[Extracted records]
^^^^^^^^

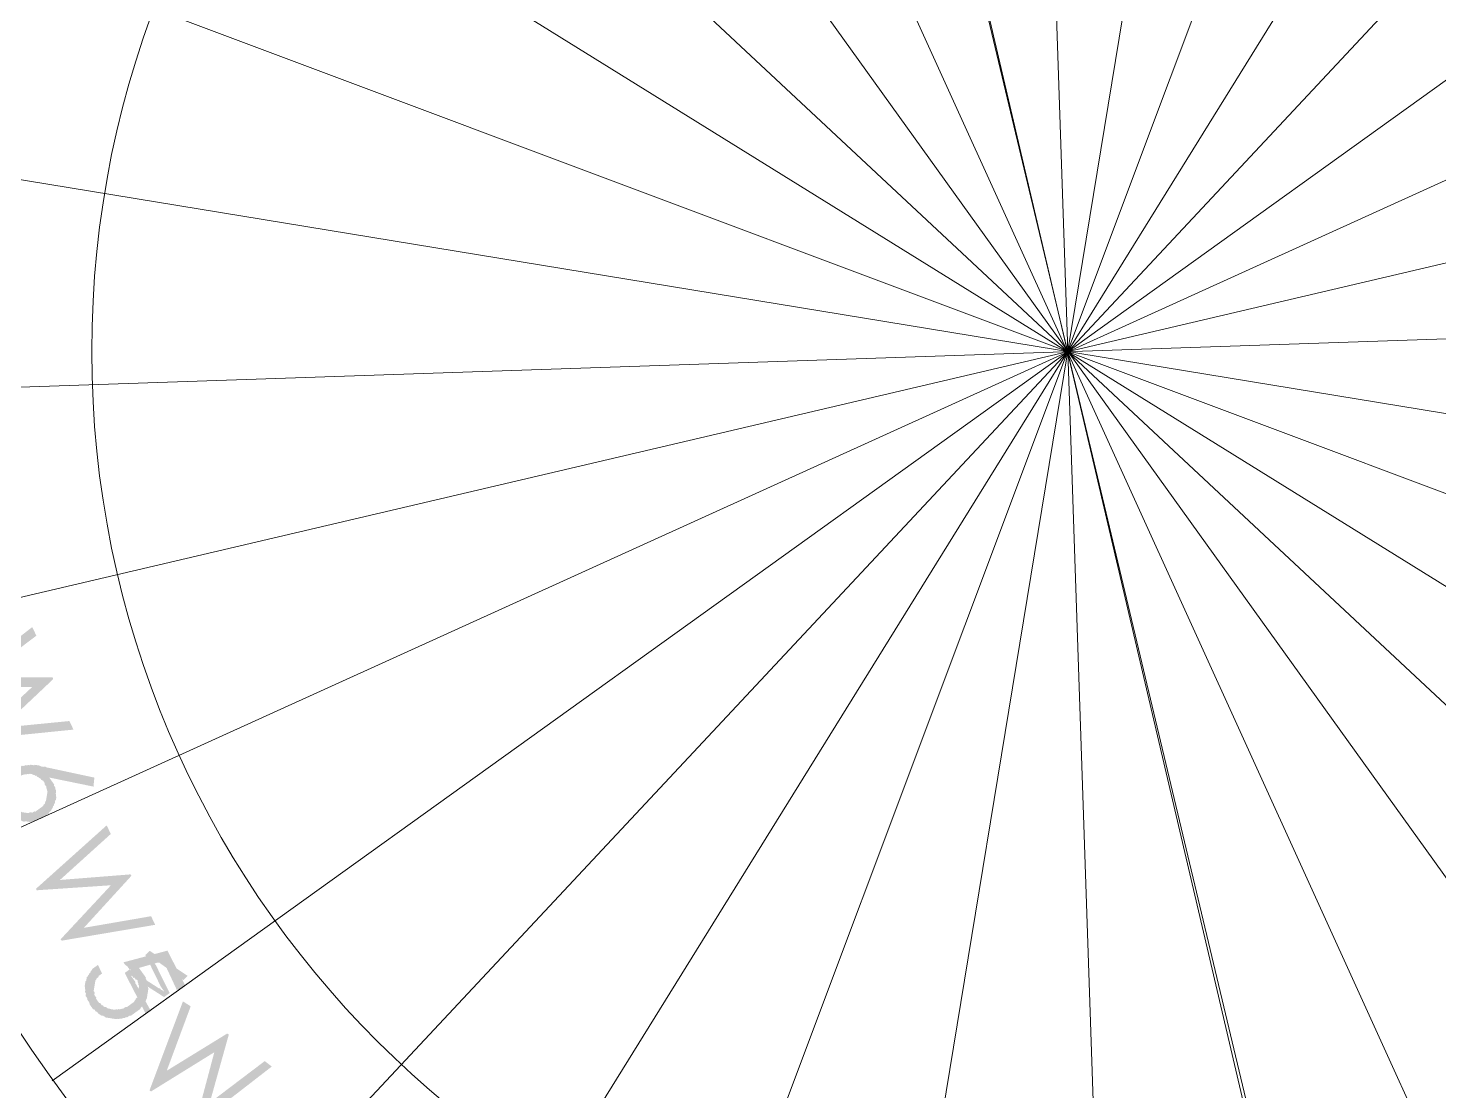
# Model space of a CAD drawing. Header units: millimetres. Extents: x -6808 to 215771, y -89660 to -16303.
# Drawn here: x 91134.5 to 91598.6, y -46443 to -46093.3 of the extents above; entities that cross this region are included whole.
import ezdxf

# ---------------------------------------------------------------- set-up
doc = ezdxf.new("R2010")
doc.units = ezdxf.units.MM
doc.layers.add('Ar-Wall Hatch', color=253, linetype='Continuous', lineweight=9)
doc.layers.add('PDF13_0', color=7, linetype='Continuous')
doc.layers.add('PDF13_A+I ELE 3', color=7, linetype='Continuous', true_color=0xbababa)
doc.layers.add('PDF13_A+I WALL', color=7, linetype='Continuous', true_color=0xbababa)

# ---------------------------------------------------------------- blocks, each defined once
blk = doc.blocks.new('A$C5343052b')
at = {"layer": 'PDF13_0', "true_color": 0xc7c8ca}
blk.add_hatch(color=9, dxfattribs=at).paths.add_polyline_path([(600.87, 268.76), (619.11, 271.87), (618.98, 269.43), (607.04, 267.9), (606.64, 267.63), (606.64, 267.63), (606.3, 267.69), (605.96, 267.76), (605.89, 267.42), (605.55, 267.49), (605.21, 267.55), (605.21, 267.55), (604.87, 267.62), (604.47, 267.35), (604.13, 267.41), (604.13, 267.41), (603.79, 267.48), (603.38, 267.21), (603.38, 267.21), (603.72, 267.14), (604.06, 267.07), (604.4, 267.01), (604.74, 266.94), (605.08, 266.87), (605.42, 266.81), (605.69, 266.4), (605.69, 266.4), (606.03, 266.33), (606.03, 266.33), (606.37, 266.27), (606.37, 266.27), (606.37, 266.27), (606.71, 266.2), (618.53, 261.76), (618, 259.04), (608.84, 257.32), (608.44, 257.04), (608.44, 257.04), (608.1, 257.11), (607.69, 256.84), (607.69, 256.84), (607.35, 256.91), (607.01, 256.97), (606.61, 256.7), (606.61, 256.7), (606.27, 256.77), (605.93, 256.83), (605.86, 256.49), (605.52, 256.56), (605.18, 256.63), (605.18, 256.63), (604.78, 256.35), (604.44, 256.42), (604.44, 256.42), (604.1, 256.49), (603.76, 256.55), (603.69, 256.21), (603.35, 256.28), (603.01, 256.35), (603.01, 256.35), (602.67, 256.41), (602.26, 256.14), (602.6, 256.07), (602.94, 256.01), (602.94, 256.01), (603.28, 255.94), (603.62, 255.87), (603.62, 255.87), (603.96, 255.81), (604.3, 255.74), (604.3, 255.74), (604.64, 255.67), (604.98, 255.61), (605.32, 255.54), (605.59, 255.13), (605.59, 255.13), (605.93, 255.07), (606.27, 255), (617.55, 251.37), (617.42, 248.93), (599.62, 255.25), (600.09, 257.63), (613.99, 260.18), (614.4, 260.46), (614.74, 260.39), (615.08, 260.32), (615.48, 260.6), (615.48, 260.6), (615.82, 260.53), (615.82, 260.53), (616.16, 260.46), (616.23, 260.8), (615.89, 260.87), (615.55, 260.94), (615.21, 261), (615.21, 261), (614.87, 261.07), (614.53, 261.14), (614.53, 261.14), (614.19, 261.2), (614.19, 261.2), (600.74, 266.32)])
at = {"layer": 'PDF13_A+I WALL', "true_color": 0xc7c8ca}
for points in [[(476.12, 332.08), (479.72, 330.66), (474.99, 303.03), (496.17, 322.85), (496.78, 322.37), (495.04, 293.8), (513.23, 314.55), (516.83, 313.14), (491.34, 283.94), (490.73, 284.42), (492.74, 314.35), (470.68, 293.65), (470.07, 294.12)], [(553.27, 293.99), (556.88, 292.57), (554.59, 264.81), (573.93, 286.05), (574.61, 285.91), (574.98, 257.27), (591.67, 279.39), (595.27, 277.97), (571.96, 247.29), (571.28, 247.42), (571.18, 277.42), (550.62, 255.36), (549.94, 255.5)], [(621.23, 268.28), (619.81, 264.68), (607.72, 269.53), (602.45, 260.69), (602.79, 260.62), (603.47, 260.49), (603.81, 260.42), (604.49, 260.29), (604.83, 260.22), (605.51, 260.09), (605.85, 260.02), (606.19, 259.96), (606.53, 259.89), (607.21, 259.75), (607.48, 259.35), (608.16, 259.22), (608.43, 258.81), (609.11, 258.68), (609.38, 258.27), (609.72, 258.2), (610, 257.8), (610.61, 257.32), (610.95, 257.26), (611.22, 256.85), (611.49, 256.44), (611.77, 256.04), (612.04, 255.63), (612.31, 255.22), (612.59, 254.82), (612.86, 254.41), (613.13, 254.01), (613.4, 253.6), (613.34, 253.26), (613.61, 252.85), (613.82, 252.11), (613.75, 251.77), (614.02, 251.36), (613.96, 251.02), (614.16, 250.28), (614.09, 249.94), (614.03, 249.6), (614.23, 248.85), (614.17, 248.51), (614.03, 247.83), (613.97, 247.49), (613.83, 246.81), (613.77, 246.47), (613.63, 245.8), (613.57, 245.46), (613.43, 244.78), (613.37, 244.44), (613.37, 244.44), (612.89, 243.83), (612.83, 243.49), (612.69, 242.81), (612.29, 242.53), (612.15, 241.85), (611.75, 241.58), (611.68, 241.24), (611.21, 240.63), (610.8, 240.36), (610.73, 240.02), (610.33, 239.74), (609.86, 239.13), (609.45, 238.86), (609.04, 238.59), (608.64, 238.31), (608.23, 238.04), (607.82, 237.77), (607.42, 237.5), (607.01, 237.22), (606.6, 236.95), (606.2, 236.68), (605.86, 236.74), (605.11, 236.54), (604.71, 236.26), (604.3, 235.99), (603.96, 236.06), (603.21, 235.85), (603.21, 235.85), (602.88, 235.92), (602.2, 236.05), (601.79, 235.78), (601.45, 235.85), (600.77, 235.98), (600.37, 235.71), (599.69, 235.84), (599.35, 235.91), (599.01, 235.97), (598.33, 236.11), (597.99, 236.17), (597.38, 236.65), (596.7, 236.78), (596.36, 236.85), (596.02, 236.92), (595.41, 237.39), (595.07, 237.45), (594.39, 237.59), (594.11, 237.99), (593.84, 238.4), (593.16, 238.53), (592.89, 238.94), (592.62, 239.35), (592.28, 239.41), (592, 239.82), (591.39, 240.29), (591.12, 240.7), (590.85, 241.11), (590.57, 241.51), (590.3, 241.92), (590.37, 242.26), (590.09, 242.66), (589.82, 243.07), (589.55, 243.48), (589.62, 243.82), (589.41, 244.56), (589.48, 244.9), (589.2, 245.31), (589.34, 245.99), (589.06, 246.39), (589.13, 246.73), (588.92, 247.48), (588.99, 247.82), (589.12, 248.5), (589.19, 248.84), (589.33, 249.52), (589.39, 249.86), (589.46, 250.2), (593.06, 248.78), (592.93, 248.1), (592.86, 247.76), (592.73, 247.08), (593, 246.68), (592.87, 246), (592.8, 245.66), (593.07, 245.25), (593.01, 244.91), (593.28, 244.51), (593.55, 244.1), (593.82, 243.69), (594.1, 243.29), (594.37, 242.88), (594.64, 242.48), (594.91, 242.07), (595.19, 241.66), (595.46, 241.26), (596.14, 241.12), (596.41, 240.72), (596.69, 240.31), (597.36, 240.18), (597.7, 240.11), (598.04, 240.04), (598.32, 239.64), (599, 239.5), (599.33, 239.44), (599.67, 239.37), (600.35, 239.24), (600.76, 239.51), (601.44, 239.38), (601.78, 239.31), (602.18, 239.58), (602.86, 239.45), (603.27, 239.72), (603.68, 239.99), (604.02, 239.93), (604.76, 240.13), (604.83, 240.47), (605.17, 240.41), (605.57, 240.68), (605.98, 240.95), (606.39, 241.22), (606.79, 241.5), (607.27, 242.11), (607.67, 242.38), (607.74, 242.72), (608.15, 243), (608.62, 243.61), (608.69, 243.95), (609.09, 244.22), (609.23, 244.9), (609.29, 245.24), (609.76, 245.85), (609.76, 245.85), (609.9, 246.53), (609.97, 246.87), (610.1, 247.55), (610.17, 247.89), (610.23, 248.23), (610.37, 248.91), (610.43, 249.25), (610.23, 249.99), (610.29, 250.33), (610.02, 250.74), (610.15, 251.42), (609.88, 251.82), (609.61, 252.23), (609.67, 252.57), (609.4, 252.98), (609.13, 253.38), (608.86, 253.79), (608.58, 254.19), (608.24, 254.26), (607.97, 254.67), (607.7, 255.07), (607.43, 255.48), (606.75, 255.61), (606.47, 256.02), (606.13, 256.09), (605.52, 256.56), (605.18, 256.63), (604.5, 256.76), (604.16, 256.83), (603.89, 257.23), (603.21, 257.37), (602.87, 257.43), (602.53, 257.5), (602.19, 257.57), (601.51, 257.7), (601.17, 257.77), (600.5, 257.9), (600.09, 257.63), (599.41, 257.76), (599.07, 257.83), (598.39, 257.96), (597.65, 257.76), (597.31, 257.82), (596.63, 257.96), (596.29, 258.02), (606.08, 273.73)], [(624.77, 263), (628.44, 263.69), (639.25, 237.94), (646.82, 265.72), (647.57, 265.93), (660.89, 240.39), (665.61, 268.02), (669.21, 268.37), (663.09, 230.08), (662.41, 230.21), (648.21, 256.63), (640.37, 227.49), (639.62, 227.29)]]:
    blk.add_hatch(color=9, dxfattribs=at).paths.add_polyline_path(points)
h = blk.add_hatch(color=9, dxfattribs=at)
h.paths.add_polyline_path([(536.34, 304.72), (538.59, 301.81), (522.94, 292.19), (523.28, 292.12), (523.96, 291.99), (524.3, 291.92), (524.98, 291.79), (525.32, 291.72), (526, 291.59), (526.34, 291.52), (526.61, 291.12), (526.95, 291.05), (527.63, 290.92), (527.9, 290.51), (528.24, 290.44), (528.86, 289.97), (529.13, 289.56), (529.4, 289.16), (529.74, 289.09), (530.01, 288.68), (530.63, 288.21), (530.9, 287.8), (531.17, 287.4), (531.1, 287.06), (531.38, 286.65), (531.65, 286.25), (531.86, 285.5), (532.13, 285.09), (532.06, 284.75), (532.33, 284.35), (532.54, 283.6), (532.47, 283.26), (532.75, 282.86), (532.61, 282.18), (532.55, 281.84), (532.82, 281.43), (532.69, 280.75), (532.62, 280.41), (532.49, 279.73), (532.42, 279.39), (532.29, 278.72), (532.22, 278.38), (532.15, 278.04), (531.68, 277.42), (531.61, 277.08), (531.55, 276.74), (531.14, 276.47), (531.01, 275.79), (530.6, 275.52), (530.47, 274.84), (530.06, 274.57), (529.99, 274.23), (529.52, 273.62), (529.11, 273.34), (528.71, 273.07), (528.3, 272.8), (527.89, 272.53), (527.83, 272.19), (527.42, 271.91), (526.68, 271.71), (526.27, 271.43), (525.86, 271.16), (525.46, 270.89), (525.12, 270.96), (524.71, 270.68), (523.97, 270.48), (523.63, 270.54), (522.88, 270.34), (522.54, 270.4), (522.13, 270.13), (521.45, 270.26), (521.12, 270.33), (520.37, 270.13), (520.03, 270.19), (519.69, 270.26), (519.01, 270.39), (518.67, 270.46), (517.99, 270.59), (517.65, 270.66), (516.97, 270.79), (516.7, 271.2), (516.02, 271.33), (516.02, 271.33), (515.68, 271.4), (515.07, 271.87), (514.73, 271.94), (514.46, 272.35), (513.85, 272.82), (513.51, 272.88), (513.23, 273.29), (512.96, 273.7), (512.35, 274.17), (512.08, 274.58), (511.8, 274.98), (511.46, 275.05), (511.19, 275.46), (510.92, 275.86), (510.64, 276.27), (510.44, 277.01), (510.51, 277.35), (510.23, 277.76), (509.96, 278.17), (510.09, 278.85), (509.82, 279.25), (509.55, 279.66), (509.68, 280.34), (509.75, 280.68), (509.47, 281.08), (509.61, 281.76), (509.68, 282.1), (509.81, 282.78), (509.88, 283.12), (509.94, 283.46), (510.08, 284.14), (510.14, 284.48), (510.28, 285.16), (510.34, 285.5), (510.48, 286.18), (510.88, 286.45), (510.95, 286.79), (511.02, 287.13), (511.49, 287.74), (511.56, 288.08), (511.96, 288.35), (512.43, 288.97), (512.5, 289.31), (512.91, 289.58), (513.38, 290.19), (513.79, 290.46), (513.85, 290.8), (514.26, 291.08), (514.67, 291.35), (515.07, 291.62), (515.14, 291.96), (515.55, 292.23), (515.95, 292.51), (516.36, 292.78), (516.76, 293.05), (517.51, 293.26), (517.92, 293.53), (518.32, 293.8), (518.8, 294.42), (519.14, 294.35)], flags=0)
h.paths.add_polyline_path([(524.38, 288.73), (524.04, 288.8), (523.36, 288.93), (523.09, 289.34), (522.41, 289.47), (522.07, 289.54), (521.32, 289.33), (520.98, 289.4), (520.65, 289.47), (519.9, 289.26), (519.56, 289.33), (519.15, 289.06), (518.47, 289.19), (518.41, 288.85), (518.07, 288.92), (517.66, 288.64), (516.92, 288.44), (516.51, 288.16), (516.1, 287.89), (516.04, 287.55), (515.63, 287.28), (515.16, 286.67), (514.75, 286.39), (514.68, 286.05), (514.21, 285.44), (514.14, 285.1), (514.08, 284.76), (513.67, 284.49), (513.6, 284.15), (513.47, 283.47), (513.4, 283.13), (513.27, 282.45), (513.2, 282.11), (513.07, 281.43), (513.34, 281.03), (513.28, 280.69), (513.48, 279.94), (513.42, 279.6), (513.69, 279.2), (513.62, 278.86), (513.89, 278.45), (514.17, 278.04), (514.44, 277.64), (514.71, 277.23), (514.99, 276.83), (515.26, 276.42), (515.53, 276.01), (515.8, 275.61), (516.48, 275.47), (516.76, 275.07), (517.1, 275), (517.71, 274.53), (517.71, 274.53), (518.39, 274.39), (518.73, 274.33), (519.34, 273.85), (519.68, 273.79), (520.02, 273.72), (520.76, 273.93), (521.1, 273.86), (521.78, 273.73), (522.19, 274), (522.53, 273.93), (523.27, 274.14), (523.61, 274.07), (523.68, 274.41), (524.36, 274.28), (524.77, 274.55), (525.17, 274.82), (525.58, 275.1), (525.99, 275.37), (526.39, 275.64), (526.86, 276.25), (526.93, 276.59), (527.34, 276.87), (527.74, 277.14), (527.88, 277.82), (527.94, 278.16), (528.28, 278.09), (528.42, 278.77), (528.48, 279.11), (528.62, 279.79), (528.68, 280.13), (528.82, 280.81), (528.88, 281.15), (528.95, 281.49), (529.08, 282.17), (528.81, 282.57), (528.95, 283.25), (528.67, 283.66), (528.4, 284.06), (528.47, 284.4), (528.19, 284.81), (527.92, 285.22), (527.65, 285.62), (527.38, 286.03), (527.1, 286.44), (526.83, 286.84), (526.56, 287.25), (526.28, 287.65), (525.94, 287.72), (525.33, 288.19), (524.99, 288.26), (524.72, 288.67), (524.38, 288.73)], flags=0)
at = {"layer": 'PDF13_0', "color": 9, "lineweight": 5, "true_color": 0xc7c8ca}
blk.add_lwpolyline([(1176.41, 390.82), (236.24, 1011.89)], dxfattribs=at)
at = {"layer": 'PDF13_A+I ELE 3', "color": 9, "lineweight": 18, "true_color": 0xc7c8ca}
for points in [[(707.42, -12.49), (705.23, 1415.2)], [(980.61, 42.43), (432.04, 1360.28)], [(434.15, 41.58), (978.5, 1361.13)], [(1211.79, 197.66), (200.92, 1205.4)], [(1210.23, 1206.96), (202.42, 195.76)], [(806.34, 203.65), (606.31, 1199.06)], [(804.61, 1199.58), (608.03, 203.13)], [(989.12, 279.52), (423.53, 1123.2)], [(987.63, 1124.11), (425.02, 278.61)], [(283.78, 982.8), (1128.87, 419.92)], [(284.69, 418.7), (1127.96, 984.02)], [(1365.38, 975.44), (47.26, 427.28)], [(1366.3, 429.32), (46.34, 973.39)], [(1204.41, 603.27), (208.3, 799.78)], [(1204.17, 801.17), (208.48, 601.55)], [(1420.03, 702.66), (-7.39, 700.06)]]:
    blk.add_lwpolyline(points, dxfattribs=at)
for radius in [603.02, 507.85, 396.77]:
    blk.add_circle((706.6, 701.71), radius, dxfattribs=at)

msp = doc.modelspace()

# ---------------------------------------------------------------- block references
at = {"layer": 'Ar-Wall Hatch', "lineweight": -3, "ltscale": 0.5, "xscale": 0.81, "yscale": 0.81, "zscale": 0.81, "rotation": 316.8456496709885}
msp.add_blockref('A$C5343052b', (90670.526, -46222.819), dxfattribs=at)

doc.saveas('drawing.dxf')

^^^^^^^^

Required work: For each line of the data that includes the word "radius", return a copy of it.

Answer to this task:
for radius in [603.02, 507.85, 396.77]:
    blk.add_circle((706.6, 701.71), radius, dxfattribs=at)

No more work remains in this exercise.